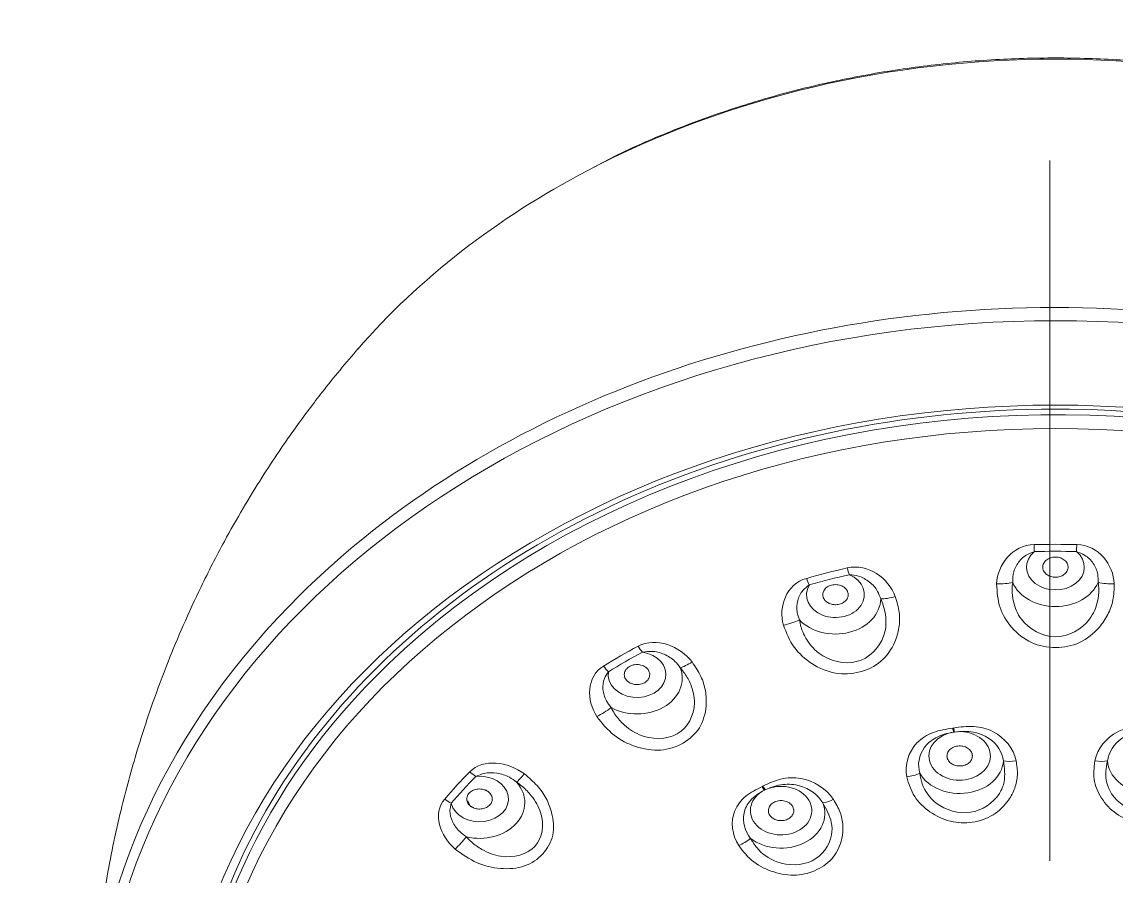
# Model space of a CAD drawing. Extents: x 900 to 2324, y -1513 to 827.
# Drawn here: x 1713.7 to 1756.74, y -699.6 to -666 of the extents above; entities that cross this region are included whole.
import ezdxf

# ---------------------------------------------------------------- set-up
doc = ezdxf.new("R2010")
doc.units = 0
doc.header["$LTSCALE"] = 4
doc.header["$MEASUREMENT"] = 0
doc.linetypes.add('CENTER2', pattern=[28.575, 19.05, -3.175, 3.175, -3.175])
doc.layers.add('1', color=7, linetype='CONTINUOUS')
doc.layers.add('Cneter', color=1, linetype='CENTER2', lineweight=13)

msp = doc.modelspace()

# ---------------------------------------------------------------- linework, layer by layer
at = {"layer": '1', "color": 7, "linetype": 'Continuous', "lineweight": 13}
msp.add_line((1731.346, -696.867), (1731.238, -696.631), dxfattribs=at)
for centre, major_axis, ratio, start_param, end_param in [((1754.357, -693.775), (33.305, 0), 0.790155, 0.985535, 2.156816), ((1754.357, -707.254), (-37.999, 0), 0.790155, 3.799488, 5.627397), ((1754.357, -707.536), (37.699, 0), 0.790155, 5.156583, 10.55138), ((1754.357, -708.345), (-34.52, 0), 0.790155, 3.141593, 6.283185), ((1754.357, -708.266), (-33.944, 0), 0.790155, 3.806432, 5.595275), ((1754.357, -687.443), (1.136, 0), 0.790155, 2.388638, 7.03614), ((1754.357, -709.537), (-29.098, 0), 0.790155, 4.683592, 4.741186), ((1754.357, -709.567), (28.789, 0), 0.790155, 1.541999, 1.599594), ((1745.705, -688.526), (1.136, 0), 0.790155, 2.702797, 7.350299), ((1754.357, -709.537), (-29.098, 0), 0.790155, 4.997751, 5.055346), ((1754.357, -709.567), (28.789, 0), 0.790155, 1.856158, 1.913753), ((1752.068, -687.741), (-0.999, 0.039), 0.356197, 1.560092, 2.238121), ((1754.357, -687.586), (-1.779, 0), 0.790155, 0.332697, 2.808896), ((1756.646, -687.741), (-0.999, -0.039), 0.356197, 0.903472, 1.581501), ((1748.126, -688.235), (-0.937, -0.348), 0.320636, 0.703306, 1.381335), ((1745.705, -688.669), (-1.779, 0), 0.790155, 0.646856, 3.123055), ((1743.772, -689.353), (-0.961, -0.277), 0.334397, 1.356903, 2.034932), ((1754.357, -709.537), (-29.098, 0), 0.790155, 5.31191, 5.369505), ((1737.899, -691.668), (1.136, 0), 0.790155, 3.016957, 7.664458), ((1754.357, -709.567), (28.789, 0), 0.790155, 2.170317, 2.227912), ((1740.216, -690.784), (-0.794, -0.608), 0.231194, 0.528428, 1.206457), ((1737.899, -691.811), (-1.779, 0), 0.790155, 0.961015, 3.437215), ((1736.512, -692.911), (-0.834, -0.551), 0.257371, 1.174339, 1.852368), ((1754.357, -710.778), (21.895, 0), 0.790155, 1.754739, 1.756453), ((1750.59, -694.869), (1.209, 0), 0.790155, 1.770981, 8.023396), ((1754.357, -710.792), (21.709, 0), 0.790155, 1.754739, 1.756453), ((1750.59, -694.984), (-1.723, 0), 0.790155, 0.428993, 3.082198), ((1752.824, -694.714), (-0.781, -0.174), 0.417986, 0.764301, 1.461164), ((1755.891, -694.714), (-0.781, 0.174), 0.417986, 1.680428, 2.377291), ((1758.124, -694.984), (-1.723, 0), 0.790155, 0.059394, 2.712599), ((1754.357, -709.537), (-29.098, 0), 0.790155, 5.626069, 5.683664), ((1731.705, -696.563), (1.136, 0), 0.790155, 3.331116, 7.978618), ((1754.357, -709.567), (28.789, 0), 0.790155, 2.484477, 2.542072), ((1731.705, -696.706), (-1.779, 0), 0.790155, 1.275174, 3.751374), ((1733.69, -695.141), (-0.602, -0.799), 0.096628, 0.391372, 1.069401), ((1743.565, -697.02), (1.209, 0), 0.790155, 2.140581, 8.392995), ((1748.556, -695.344), (-0.787, -0.142), 0.42214, 1.431635, 2.128498), ((1754.357, -710.778), (21.895, 0), 0.790155, 2.124338, 2.126052), ((1754.357, -710.792), (21.709, 0), 0.790155, 2.124338, 2.126052), ((1743.565, -697.135), (-1.723, 0), 0.790155, 0.798592, 3.451798), ((1745.696, -696.219), (-0.662, -0.45), 0.33463, 0.540665, 1.237528), ((1730.999, -698.067), (-0.651, -0.759), 0.132657, 1.027548, 1.705577), ((1742.004, -698.025), (-0.678, -0.425), 0.346531, 1.203606, 1.90047)]:
    msp.add_ellipse(centre, major_axis=major_axis, ratio=ratio, start_param=start_param, end_param=end_param, dxfattribs=at)
at = {"layer": '1', "color": 7, "linetype": 'Continuous', "lineweight": 18}
for centre, major_axis, ratio, start_param, end_param in [((1754.357, -693.775), (33.305, 0), 0.790155, 2.156816, 2.539311), ((1754.357, -708.18), (34.11, 0), 0.790155, 0, 3.141593), ((1753.528, -686.216), (0.023, -1), 0.017648, 5.058034, 5.371923), ((1755.186, -686.216), (0.023, 1), 0.017648, 4.052855, 4.366744), ((1746.253, -687.126), (-0.226, 0.974), 0.172536, 1.896758, 2.210646), ((1744.676, -687.531), (0.272, -0.962), 0.206104, 5.029409, 5.343298), ((1754.357, -707.254), (-37.999, 0), 0.790155, 5.627397, 6.920378), ((1738.113, -690.174), (-0.475, 0.88), 0.345831, 1.826509, 2.140397), ((1754.357, -708.266), (-33.944, 0), 0.790155, 5.595275, 6.283185), ((1736.772, -690.944), (0.521, -0.854), 0.374386, 4.949259, 5.263148), ((1750.35, -693.443), (-0.117, 0.791), 0.113137, 1.98774, 2.222155), ((1750.386, -693.438), (0.116, -0.791), 0.112105, 5.129487, 5.363902), ((1731.563, -695.059), (-0.716, 0.699), 0.485274, 1.699387, 2.013276), ((1742.913, -695.725), (-0.352, 0.718), 0.3231, 1.919159, 2.153574), ((1742.945, -695.71), (0.351, -0.719), 0.322207, 5.061239, 5.295654), ((1730.589, -696.119), (0.756, -0.654), 0.50602, 4.811058, 5.124946)]:
    msp.add_ellipse(centre, major_axis=major_axis, ratio=ratio, start_param=start_param, end_param=end_param, dxfattribs=at)
at = {"layer": '1', "color": 7, "linetype": 'Continuous', "lineweight": 13}
msp.add_ellipse((1754.357, -708.558), major_axis=(33.622, 0), ratio=0.790155, dxfattribs=at)
at = {"layer": '1', "color": 7, "linetype": 'Continuous', "lineweight": 18}
for points, knots in [([(1772.69, -671.797), (1772.107, -671.485), (1770.794, -670.833), (1768.667, -669.954), (1766.331, -669.156), (1763.925, -668.503), (1761.464, -667.998), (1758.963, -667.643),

============

* **Required action**
Take each line from the preceding material that contains "layers" and copy it.

* **Task result**
doc.layers.add('1', color=7, linetype='CONTINUOUS')
doc.layers.add('Cneter', color=1, linetype='CENTER2', lineweight=13)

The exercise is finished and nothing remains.